Remember a few years back when the Xbox One was announced, but it had to “check in” each day online, making us think the console would be purely online oriented? Geez we were all outraged. However, just a few years later, infrastructure continues to improve and purely online multiplayer games can be incredibly popular, not just on PC but also on console. In fact, digital revenue just keeps climbing, but PwC has made some interesting predictions about what we’ll see by 2020, and I’m wondering if maybe Microsoft was just a bit ahead of their times.
According to PwC, digital revenue will continue to rise, but that doesn’t mean we’ll see discs disappear from the market.
he largest component is physical console games sell-through revenue, which was already in decline in 2015, and that decline is accelerating as viable subscription and digital offerings become more compelling.
Revenues declined from US$7.60bn in 2015 to US$6.23bn in 2020 (at a -3.9% CAGR). In some ways it’s surprising that physical game disks will continue to be a major force by 2020, but the US has one of the most mature console markets globally, supported by a good retail presence (including Gamestop and Best Buy), pre-order offers and – most importantly – a vibrant second-hand trading market. While this last element does not directly contribute to revenue, it makes new games appear more affordable if consumers can count on getting some money back on trade-in.
So physical game sales are declining, but retail is still so important? I wonder how long that will last, especially if subscription plans are becoming the new norm. Essentially, a season pass is like a subscription to a game that you enjoy. You like Call of Duty, so you subscribe for future DLC. Imagine if publishers actually just let you subscribe for all their games?
The shift towards games as services has been going on for a while now, and I’m not sure I would be totally averse to paying a monthly or annual fee to have access to a wide selections of old and new games. Imagine an Ubisoft subscription that let you play as many Assassin’s Creed games (with all DLC), The Division, Rainbow Six, and Ghost Recon? As new games get released, they could be simply added to your online library?

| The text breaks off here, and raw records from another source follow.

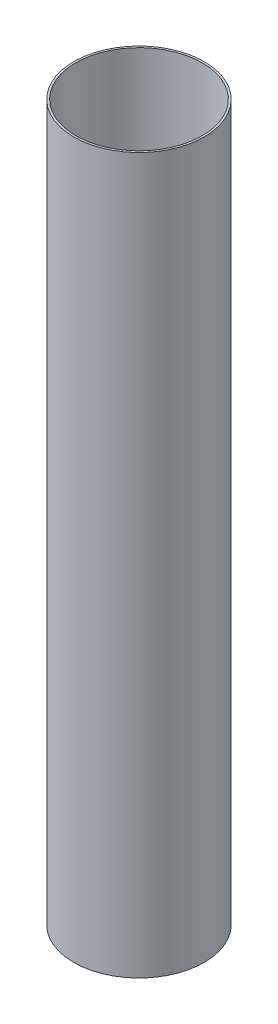
from build123d import *

# Parameters (mm, degrees)
SKETCH1_R           = 51.105
BOSS_EXTRUDE1_DEPTH = 560
SKETCH3_R           = 49.53
CUT_EXTRUDE1_DEPTH  = 565.644527158


with BuildPart() as part:
    # Sketch1 → Boss-Extrude1 (new body)
    with BuildSketch(Plane(origin=(0, 0, 0), x_dir=(1, 0, 0), z_dir=(0, 1, 0))):
        with Locations(Location((0, 0, 0), (0, 0, 270))):
            Circle(SKETCH1_R)
    extrude(amount=BOSS_EXTRUDE1_DEPTH)

    # Sketch3 → Cut-Extrude1 (cut, through all)
    with BuildSketch(Plane.XZ):
        with Locations(Location((0, 0, 0), (0, 0, 270))):
            Circle(SKETCH3_R)
    extrude(amount=-CUT_EXTRUDE1_DEPTH, mode=Mode.SUBTRACT)


solid = part.part
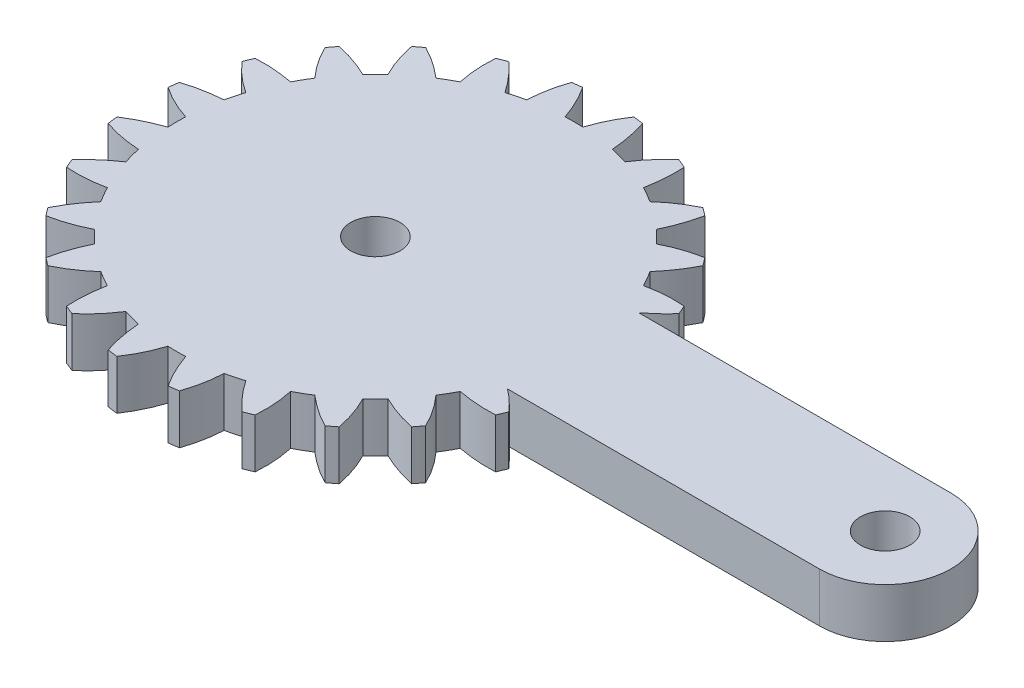
from build123d import *

# Parameters (mm, degrees)
SKETCH2_R           = 1.5
BOSS_EXTRUDE1_DEPTH = 3


with BuildPart() as part:
    # Sketch2 → Boss-Extrude1 (new body)
    with BuildSketch(Plane(origin=(0, 0, 0), x_dir=(1, 0, 0), z_dir=(0, 1, 0))):
        with BuildLine():
            Line((31, 4.000000001), (12.012859152, 4.000000001))
            add(Edge.make_bspline(
                [(13.278985865, 5.170206419), (12.8954662, 4.733530556), (12.462190225, 4.344528056), (12.012859152, 4.000000001)],
                knots=[0.154712813, 0.154712813, 0.154712813, 0.154712813, 0.777489596, 0.777489596, 0.777489596, 0.777489596], degree=3))
            ThreePointArc((13.278985865, 5.170206419), (13.165283338, 5.453238911), (13.045548971, 5.733772933))
            add(Edge.make_bspline(
                [(10.729735914, 5.571433139), (11.468148216, 5.731782959), (12.25282672, 5.797378255), (13.045548971, 5.733772933)],
                knots=[0, 0, 0, 0, 0.84522739, 0.84522739, 0.84522739, 0.84522739], degree=3))
            ThreePointArc((10.729735914, 5.571433139), (10.602635836, 5.809665509), (10.470247132, 6.045))
            ThreePointArc((10.470247132, 6.045), (10.332600838, 6.277376835), (10.189798038, 6.506620931))
            add(Edge.make_bspline(
                [(11.488367505, 8.430890348), (11.138958904, 7.723663869), (10.678280228, 7.077546079), (10.189798038, 6.506620931)],
                knots=[0.154712813, 0.154712813, 0.154712813, 0.154712813, 1, 1, 1, 1], degree=3))
            ThreePointArc((11.488367505, 8.430890348), (11.305285099, 8.674850363), (11.117023034, 8.914835886))
            add(Edge.make_bspline(
                [(8.922136024, 8.158651162), (9.593885949, 8.504652361), (10.334849869, 8.771102293), (11.117023034, 8.914835886)],
                knots=[0, 0, 0, 0, 0.84522739, 0.84522739, 0.84522739, 0.84522739], degree=3))
            ThreePointArc((8.922136024, 8.158651162), (8.737707702, 8.35587004), (8.548920985, 8.548920985))
            ThreePointArc((8.548920985, 8.548920985), (8.355821324, 8.737754288), (8.158551674, 8.922226997))
            add(Edge.make_bspline(
                [(8.914835886, 11.117023034), (8.760376776, 10.343461111), (8.482622935, 9.600126837), (8.158551674, 8.922226997)],
                knots=[0.154712813, 0.154712813, 0.154712813, 0.154712813, 1, 1, 1, 1], degree=3))
            ThreePointArc((8.914835886, 11.117023034), (8.674850363, 11.305285099), (8.430890348, 11.488367505))
            add(Edge.make_bspline(
                [(6.506507308, 10.189870591), (7.065816209, 10.697943759), (7.71257008, 11.147090204), (8.430890348, 11.488367505)],
                knots=[0, 0, 0, 0, 0.84522739, 0.84522739, 0.84522739, 0.84522739], degree=3))
            ThreePointArc((6.506507308, 10.189870591), (6.277319227, 10.332635836), (6.045, 10.470247132))
            ThreePointArc((6.045, 10.470247132), (5.809606396, 10.602668227), (5.571313495, 10.729798038))
            add(Edge.make_bspline(
                [(5.733772933, 13.045548971), (5.784789448, 12.258368573), (5.708888907, 11.468474815), (5.571313495, 10.729798038)],
                knots=[0.154712813, 0.154712813, 0.154712813, 0.154712813, 1, 1, 1, 1], degree=3))
            ThreePointArc((5.733772933, 13.045548971), (5.453238911, 13.165283338), (5.170206419, 13.278985865))
            add(Edge.make_bspline(
                [(3.647470872, 11.526667178), (4.056222772, 12.16218797), (4.564691385, 12.76342234), (5.170206419, 13.278985865)],
                knots=[0, 0, 0, 0, 0.84522739, 0.84522739, 0.84522739, 0.84522739], degree=3))
            ThreePointArc((3.647470872, 11.526667178), (3.389141821, 11.605249576), (3.129122255, 11.67804324))
            ThreePointArc((3.129122255, 11.67804324), (2.867476392, 11.745027848), (2.604399509, 11.806151075))
            add(Edge.make_bspline(
                [(2.161962831, 14.085042304), (2.414978279, 13.337888473), (2.546103534, 12.555265188), (2.604399509, 11.806151075)],
                knots=[0.154712813, 0.154712813, 0.154712813, 0.154712813, 1, 1, 1, 1], degree=3))
            ThreePointArc((2.161962831, 14.085042304), (1.859998239, 14.128089275), (1.557181466, 14.164663282))
            add(Edge.make_bspline(
                [(0.539865323, 12.077940447), (0.770204456, 12.797599169), (1.105736515, 13.509948335), (1.557181466, 14.164663282)],
                knots=[0, 0, 0, 0, 0.84522739, 0.84522739, 0.84522739, 0.84522739], degree=3))
            ThreePointArc((0.539865323, 12.077940447), (0.27, 12.086984736), (0, 12.09))
            ThreePointArc((0, 12.09), (-0.270067389, 12.08698323), (-0.54, 12.077934426))
            add(Edge.make_bspline(
                [(-1.557181466, 14.164663282), (-1.119409669, 13.508453317), (-0.790194587, 12.786434986), (-0.54, 12.077934426)],
                knots=[0.154712813, 0.154712813, 0.154712813, 0.154712813, 1, 1, 1, 1], degree=3))
            ThreePointArc((-1.557181466, 14.164663282), (-1.859998239, 14.128089275), (-2.161962831, 14.085042304))
            add(Edge.make_bspline(
                [(-2.604531155, 11.806122033), (-2.568302021, 12.560875133), (-2.42857247, 13.335793678), (-2.161962831, 14.085042304)],
                knots=[0, 0, 0, 0, 0.84522739, 0.84522739, 0.84522739, 0.84522739], degree=3))
            ThreePointArc((-2.604531155, 11.806122033), (-2.867541874, 11.74501186), (-3.129122255, 11.67804324))
            ThreePointArc((-3.129122255, 11.67804324), (-3.389206524, 11.60523068), (-3.647599401, 11.526626506))
            add(Edge.make_bspline(
                [(-5.170206419, 13.278985865), (-4.577511698, 12.75843939), (-4.072642252, 12.146230371), (-3.647599401, 11.526626506)],
                knots=[0.154712813, 0.154712813, 0.154712813, 0.154712813, 1, 1, 1, 1], degree=3))
            ThreePointArc((-5.170206419, 13.278985865), (-5.453238911, 13.165283338), (-5.733772933, 13.045548971))
            add(Edge.make_bspline(
                [(-5.571433139, 10.729735914), (-5.731782959, 11.468148216), (-5.797378255, 12.25282672), (-5.733772933, 13.045548971)],
                knots=[0, 0, 0, 0, 0.84522739, 0.84522739, 0.84522739, 0.84522739], degree=3))
            ThreePointArc((-5.571433139, 10.729735914), (-5.809665509, 10.602635836), (-6.045, 10.470247132))
            ThreePointArc((-6.045, 10.470247132), (-6.277376835, 10.332600838), (-6.506620931, 10.189798038))
            add(Edge.make_bspline(
                [(-8.430890348, 11.488367505), (-7.723663869, 11.138958904), (-7.077546079, 10.678280228), (-6.506620931, 10.189798038)],
                knots=[0.154712813, 0.154712813, 0.154712813, 0.154712813, 1, 1, 1, 1], degree=3))
            ThreePointArc((-8.430890348, 11.488367505), (-8.674850363, 11.305285099), (-8.914835886, 11.117023034))
            add(Edge.make_bspline(
                [(-8.158651162, 8.922136024), (-8.504652361, 9.593885949), (-8.771102293, 10.334849869), (-8.914835886, 11.117023034)],
                knots=[0, 0, 0, 0, 0.84522739, 0.84522739, 0.84522739, 0.84522739], degree=3))
            ThreePointArc((-8.158651162, 8.922136024), (-8.35587004, 8.737707702), (-8.548920985, 8.548920985))
            ThreePointArc((-8.548920985, 8.548920985), (-8.737754288, 8.355821324), (-8.922226997, 8.158551674))
            add(Edge.make_bspline(
                [(-11.117023034, 8.914835886), (-10.343461111, 8.760376776), (-9.600126837, 8.482622935), (-8.922226997, 8.158551674)],
                knots=[0.154712813, 0.154712813, 0.154712813, 0.154712813, 1, 1, 1, 1], degree=3))
            ThreePointArc((-11.117023034, 8.914835886), (-11.305285099, 8.674850363), (-11.488367505, 8.430890348))
            add(Edge.make_bspline(
                [(-10.189870591, 6.506507308), (-10.697943759, 7.065816209), (-11.147090204, 7.71257008), (-11.488367505, 8.430890348)],
                knots=[0, 0, 0, 0, 0.84522739, 0.84522739, 0.84522739, 0.84522739], degree=3))
            ThreePointArc((-10.189870591, 6.506507308), (-10.332635836, 6.277319227), (-10.470247132, 6.045))
            ThreePointArc((-10.470247132, 6.045), (-10.602668227, 5.809606396), (-10.729798038, 5.571313495))
            add(Edge.make_bspline(
                [(-13.045548971, 5.733772933), (-12.258368573, 5.784789448), (-11.468474815, 5.708888907), (-10.729798038, 5.571313495)],
                knots=[0.154712813, 0.154712813, 0.154712813, 0.154712813, 1, 1, 1, 1], degree=3))
            ThreePointArc((-13.045548971, 5.733772933), (-13.165283338, 5.453238911), (-13.278985865, 5.170206419))
            add(Edge.make_bspline(
                [(-11.526667178, 3.647470872), (-12.16218797, 4.056222772), (-12.76342234, 4.564691385), (-13.278985865, 5.170206419)],
                knots=[0, 0, 0, 0, 0.84522739, 0.84522739, 0.84522739, 0.84522739], degree=3))
            ThreePointArc((-11.526667178, 3.647470872), (-11.605249576, 3.389141821), (-11.67804324, 3.129122255))
            ThreePointArc((-11.67804324, 3.129122255), (-11.745027848, 2.867476392), (-11.806151075, 2.604399509))
            add(Edge.make_bspline(
                [(-14.085042304, 2.161962831), (-13.337888473, 2.414978279), (-12.555265188, 2.546103534), (-11.806151075, 2.604399509)],
                knots=[0.154712813, 0.154712813, 0.154712813, 0.154712813, 1, 1, 1, 1], degree=3))
            ThreePointArc((-14.085042304, 2.161962831), (-14.128089275, 1.859998239), (-14.164663282, 1.557181466))
            add(Edge.make_bspline(
                [(-12.077940447, 0.539865323), (-12.797599169, 0.770204456), (-13.509948335, 1.105736515), (-14.164663282, 1.557181466)],
                knots=[0, 0, 0, 0, 0.84522739, 0.84522739, 0.84522739, 0.84522739], degree=3))
            ThreePointArc((-12.077940447, 0.539865323), (-12.086984736, 0.27), (-12.09, 0))
            ThreePointArc((-12.09, 0), (-12.08698323, -0.270067389), (-12.077934426, -0.54))
            add(Edge.make_bspline(
                [(-14.164663282, -1.557181466), (-13.508453317, -1.119409669), (-12.786434986, -0.790194587), (-12.077934426, -0.54)],
                knots=[0.154712813, 0.154712813, 0.154712813, 0.154712813, 1, 1, 1, 1], degree=3))
            ThreePointArc((-14.164663282, -1.557181466), (-14.128089275, -1.859998239), (-14.085042304, -2.161962831))
            add(Edge.make_bspline(
                [(-11.806122033, -2.604531155), (-12.560875133, -2.568302021), (-13.335793678, -2.42857247), (-14.085042304, -2.161962831)],
                knots=[0, 0, 0, 0, 0.84522739, 0.84522739, 0.84522739, 0.84522739], degree=3))
            ThreePointArc((-11.806122033, -2.604531155), (-11.74501186, -2.867541874), (-11.67804324, -3.129122255))
            ThreePointArc((-11.67804324, -3.129122255), (-11.60523068, -3.389206524), (-11.526626506, -3.647599401))
            add(Edge.make_bspline(
                [(-13.278985865, -5.170206419), (-12.75843939, -4.577511698), (-12.146230371, -4.072642252), (-11.526626506, -3.647599401)],
                knots=[0.154712813, 0.154712813, 0.154712813, 0.154712813, 1, 1, 1, 1], degree=3))
            ThreePointArc((-13.278985865, -5.170206419), (-13.165283338, -5.453238911), (-13.045548971, -5.733772933))
            add(Edge.make_bspline(
                [(-10.729735914, -5.571433139), (-11.468148216, -5.731782959), (-12.25282672, -5.797378255), (-13.045548971, -5.733772933)],
                knots=[0, 0, 0, 0, 0.84522739, 0.84522739, 0.84522739, 0.84522739], degree=3))
            ThreePointArc((-10.729735914, -5.571433139), (-10.602635836, -5.809665509), (-10.470247132, -6.045))
            ThreePointArc((-10.470247132, -6.045), (-10.332600838, -6.277376835), (-10.189798038, -6.506620931))
            add(Edge.make_bspline(
                [(-11.488367505, -8.430890348), (-11.138958904, -7.723663869), (-10.678280228, -7.077546079), (-10.189798038, -6.506620931)],
                knots=[0.154712813, 0.154712813, 0.154712813, 0.154712813, 1, 1, 1, 1], degree=3))
            ThreePointArc((-11.488367505, -8.430890348), (-11.305285099, -8.674850363), (-11.117023034, -8.914835886))
            add(Edge.make_bspline(
                [(-8.922136024, -8.158651162), (-9.593885949, -8.504652361), (-10.334849869, -8.771102293), (-11.117023034, -8.914835886)],
                knots=[0, 0, 0, 0, 0.84522739, 0.84522739, 0.84522739, 0.84522739], degree=3))
            ThreePointArc((-8.922136024, -8.158651162), (-8.737707702, -8.35587004), (-8.548920985, -8.548920985))
            ThreePointArc((-8.548920985, -8.548920985), (-8.355821324, -8.737754288), (-8.158551674, -8.922226997))
            add(Edge.make_bspline(
                [(-8.914835886, -11.117023034), (-8.760376776, -10.343461111), (-8.482622935, -9.600126837), (-8.158551674, -8.922226997)],
                knots=[0.154712813, 0.154712813, 0.154712813, 0.154712813, 1, 1, 1, 1], degree=3))
            ThreePointArc((-8.914835886, -11.117023034), (-8.674850363, -11.305285099), (-8.430890348, -11.488367505))
            add(Edge.make_bspline(
                [(-6.506507308, -10.189870591), (-7.065816209, -10.697943759), (-7.71257008, -11.147090204), (-8.430890348, -11.488367505)],
                knots=[0, 0, 0, 0, 0.84522739, 0.84522739, 0.84522739, 0.84522739], degree=3))
            ThreePointArc((-6.506507308, -10.189870591), (-6.277319227, -10.332635836), (-6.045, -10.470247132))
            ThreePointArc((-6.045, -10.470247132), (-5.809606396, -10.602668227), (-5.571313495, -10.729798038))
            add(Edge.make_bspline(
                [(-5.733772933, -13.045548971), (-5.784789448, -12.258368573), (-5.708888907, -11.468474815), (-5.571313495, -10.729798038)],
                knots=[0.154712813, 0.154712813, 0.154712813, 0.154712813, 1, 1, 1, 1], degree=3))
            ThreePointArc((-5.733772933, -13.045548971), (-5.453238911, -13.165283338), (-5.170206419, -13.278985865))
            add(Edge.make_bspline(
                [(-3.647470872, -11.526667178), (-4.056222772, -12.16218797), (-4.564691385, -12.76342234), (-5.170206419, -13.278985865)],
                knots=[0, 0, 0, 0, 0.84522739, 0.84522739, 0.84522739, 0.84522739], degree=3))
            ThreePointArc((-3.647470872, -11.526667178), (-3.389141821, -11.605249576), (-3.129122255, -11.67804324))
            ThreePointArc((-3.129122255, -11.67804324), (-2.867476392, -11.745027848), (-2.604399509, -11.806151075))
            add(Edge.make_bspline(
                [(-2.161962831, -14.085042304), (-2.414978279, -13.337888473), (-2.546103534, -12.555265188), (-2.604399509, -11.806151075)],
                knots=[0.154712813, 0.154712813, 0.154712813, 0.154712813, 1, 1, 1, 1], degree=3))
            ThreePointArc((-2.161962831, -14.085042304), (-1.859998239, -14.128089275), (-1.557181466, -14.164663282))
            add(Edge.make_bspline(
                [(-0.539865323, -12.077940447), (-0.770204456, -12.797599169), (-1.105736515, -13.509948335), (-1.557181466, -14.164663282)],
                knots=[0, 0, 0, 0, 0.84522739, 0.84522739, 0.84522739, 0.84522739], degree=3))
            ThreePointArc((-0.539865323, -12.077940447), (-0.27, -12.086984736), (0, -12.09))
            ThreePointArc((0, -12.09), (0.270067389, -12.08698323), (0.54, -12.077934426))
            add(Edge.make_bspline(
                [(1.557181466, -14.164663282), (1.119409669, -13.508453317), (0.790194587, -12.786434986), (0.54, -12.077934426)],
                knots=[0.154712813, 0.154712813, 0.154712813, 0.154712813, 1, 1, 1, 1], degree=3))
            ThreePointArc((1.557181466, -14.164663282), (1.859998239, -14.128089275), (2.161962831, -14.085042304))
            add(Edge.make_bspline(
                [(2.604531155, -11.806122033), (2.568302021, -12.560875133), (2.42857247, -13.335793678), (2.161962831, -14.085042304)],
                knots=[0, 0, 0, 0, 0.84522739, 0.84522739, 0.84522739, 0.84522739], degree=3))
            ThreePointArc((2.604531155, -11.806122033), (2.867541874, -11.74501186), (3.129122255, -11.67804324))
            ThreePointArc((3.129122255, -11.67804324), (3.389206524, -11.60523068), (3.647599401, -11.526626506))
            add(Edge.make_bspline(
                [(5.170206419, -13.278985865), (4.577511698, -12.75843939), (4.072642252, -12.146230371), (3.647599401, -11.526626506)],
                knots=[0.154712813, 0.154712813, 0.154712813, 0.154712813, 1, 1, 1, 1], degree=3))
            ThreePointArc((5.170206419, -13.278985865), (5.453238911, -13.165283338), (5.733772933, -13.045548971))
            add(Edge.make_bspline(
                [(5.571433139, -10.729735914), (5.731782959, -11.468148216), (5.797378255, -12.25282672), (5.733772933, -13.045548971)],
                knots=[0, 0, 0, 0, 0.84522739, 0.84522739, 0.84522739, 0.84522739], degree=3))
            ThreePointArc((5.571433139, -10.729735914), (5.809665509, -10.602635836), (6.045, -10.470247132))
            ThreePointArc((6.045, -10.470247132), (6.277376835, -10.332600838), (6.506620931, -10.189798038))
            add(Edge.make_bspline(
                [(8.430890348, -11.488367505), (7.723663869, -11.138958904), (7.077546079, -10.678280228), (6.506620931, -10.189798038)],
                knots=[0.154712813, 0.154712813, 0.154712813, 0.154712813, 1, 1, 1, 1], degree=3))
            ThreePointArc((8.430890348, -11.488367505), (8.674850363, -11.305285099), (8.914835886, -11.117023034))
            add(Edge.make_bspline(
                [(8.158651162, -8.922136024), (8.504652361, -9.593885949), (8.771102293, -10.334849869), (8.914835886, -11.117023034)],
                knots=[0, 0, 0, 0, 0.84522739, 0.84522739, 0.84522739, 0.84522739], degree=3))
            ThreePointArc((8.158651162, -8.922136024), (8.35587004, -8.737707702), (8.548920985, -8.548920985))
            ThreePointArc((8.548920985, -8.548920985), (8.737754288, -8.355821324), (8.922226997, -8.158551674))
            add(Edge.make_bspline(
                [(11.117023034, -8.914835886), (10.343461111, -8.760376776), (9.600126837, -8.482622935), (8.922226997, -8.158551674)],
                knots=[0.154712813, 0.154712813, 0.154712813, 0.154712813, 1, 1, 1, 1], degree=3))
            ThreePointArc((11.117023034, -8.914835886), (11.305285099, -8.674850363), (11.488367505, -8.430890348))
            add(Edge.make_bspline(
                [(10.189870591, -6.506507308), (10.697943759, -7.065816209), (11.147090204, -7.71257008), (11.488367505, -8.430890348)],
                knots=[0, 0, 0, 0, 0.84522739, 0.84522739, 0.84522739, 0.84522739], degree=3))
            ThreePointArc((10.189870591, -6.506507308), (10.332635836, -6.277319227), (10.470247132, -6.045))
            ThreePointArc((10.470247132, -6.045), (10.602668227, -5.809606396), (10.729798038, -5.571313495))
            add(Edge.make_bspline(
                [(13.045548971, -5.733772933), (12.258368573, -5.784789448), (11.468474815, -5.708888907), (10.729798038, -5.571313495)],
                knots=[0.154712813, 0.154712813, 0.154712813, 0.154712813, 1, 1, 1, 1], degree=3))
            ThreePointArc((13.045548971, -5.733772933), (13.165283338, -5.453238911), (13.278985865, -5.170206419))
            add(Edge.make_bspline(
                [(12.032510858, -3.999999999), (12.480346232, -4.337627374), (12.902507267, -4.728042767), (13.278985865, -5.170206419)],
                knots=[0.228019214, 0.228019214, 0.228019214, 0.228019214, 0.84522739, 0.84522739, 0.84522739, 0.84522739], degree=3))
            Line((12.032510858, -3.999999999), (31, -3.999999999))
            ThreePointArc((31, -3.999999999), (35, 1e-09), (31, 4.000000001))
        make_face()
        with Locations(Location((31, 1e-09, 0), (0, 0, 270))):
            Circle(SKETCH2_R, mode=Mode.SUBTRACT)
        with Locations(Location((0, 0, 0), (0, 0, 270))):
            Circle(SKETCH2_R, mode=Mode.SUBTRACT)
    extrude(amount=BOSS_EXTRUDE1_DEPTH)


solid = part.part
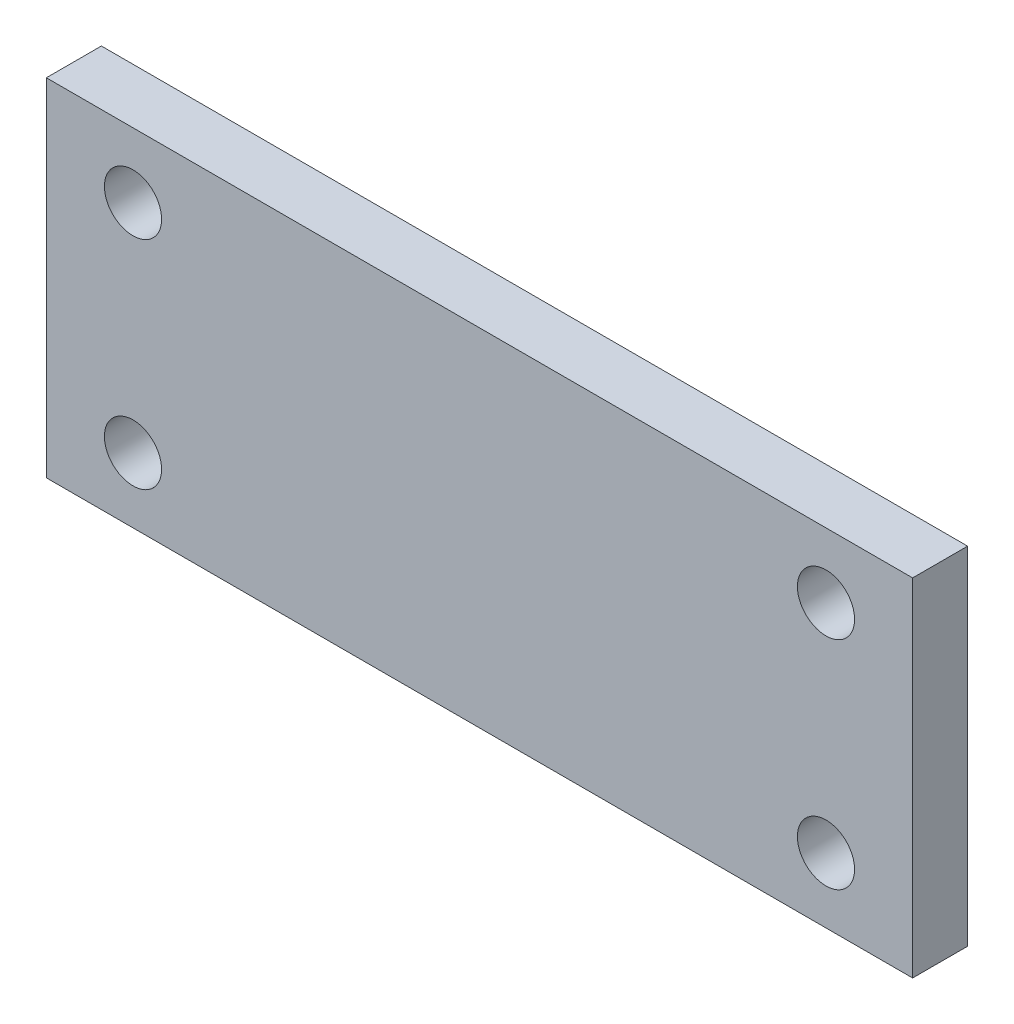
from build123d import *

# Parameters (mm, degrees)
SKETCH1_W           = 100
SKETCH1_H           = 40
SKETCH1_R           = 3.3
BOSS_EXTRUDE1_DEPTH = 3.175


with BuildPart() as part:
    # Sketch1 → Boss-Extrude1 (new, symmetric)
    with BuildSketch(Plane.XY):
        Rectangle(SKETCH1_W, SKETCH1_H)
        with Locations((-40, 12.5)):
            Circle(SKETCH1_R, mode=Mode.SUBTRACT)
        with Locations((-40, -12.5)):
            Circle(SKETCH1_R, mode=Mode.SUBTRACT)
        with Locations(Location((40, -12.5, 0), (0, 0, 180))):
            Circle(SKETCH1_R, mode=Mode.SUBTRACT)
        with Locations(Location((40, 12.5, 0), (0, 0, 180))):
            Circle(SKETCH1_R, mode=Mode.SUBTRACT)
    extrude(amount=BOSS_EXTRUDE1_DEPTH, both=True)


solid = part.part

Sure, then you might get games you’ll never play, or you might be paying for a subscription for a year when there are months without new releases, but it’s a compelling model and one I wouldn’t be surprised to see in the coming years.
Yes, retail is important, particularly for more casual gamers who only buy one or two games a year, but I’m sure publishers prefer to have direct access to their consumers. As digital downloads continue to increase, I wonder if we’ll see discs fall by the wayside. Already, most people I know only buy physical copies if there’s something extra involved – Collector’s Editions, etc. Does this mean that the new generation of consoles might even have disc-less options? My computer already doesn’t have a disc drive anymore, so could consoles be next?
Then again, my consoles are also my Blu Ray players, so I’d be sad to see that go. Maybe Darryn is right and what was old will be new again, with consoles coming with automatic disc changers so you can switch between titles without having to get up, but while still using physical discs. Or maybe he just still has a CD changer in the back of his scooter.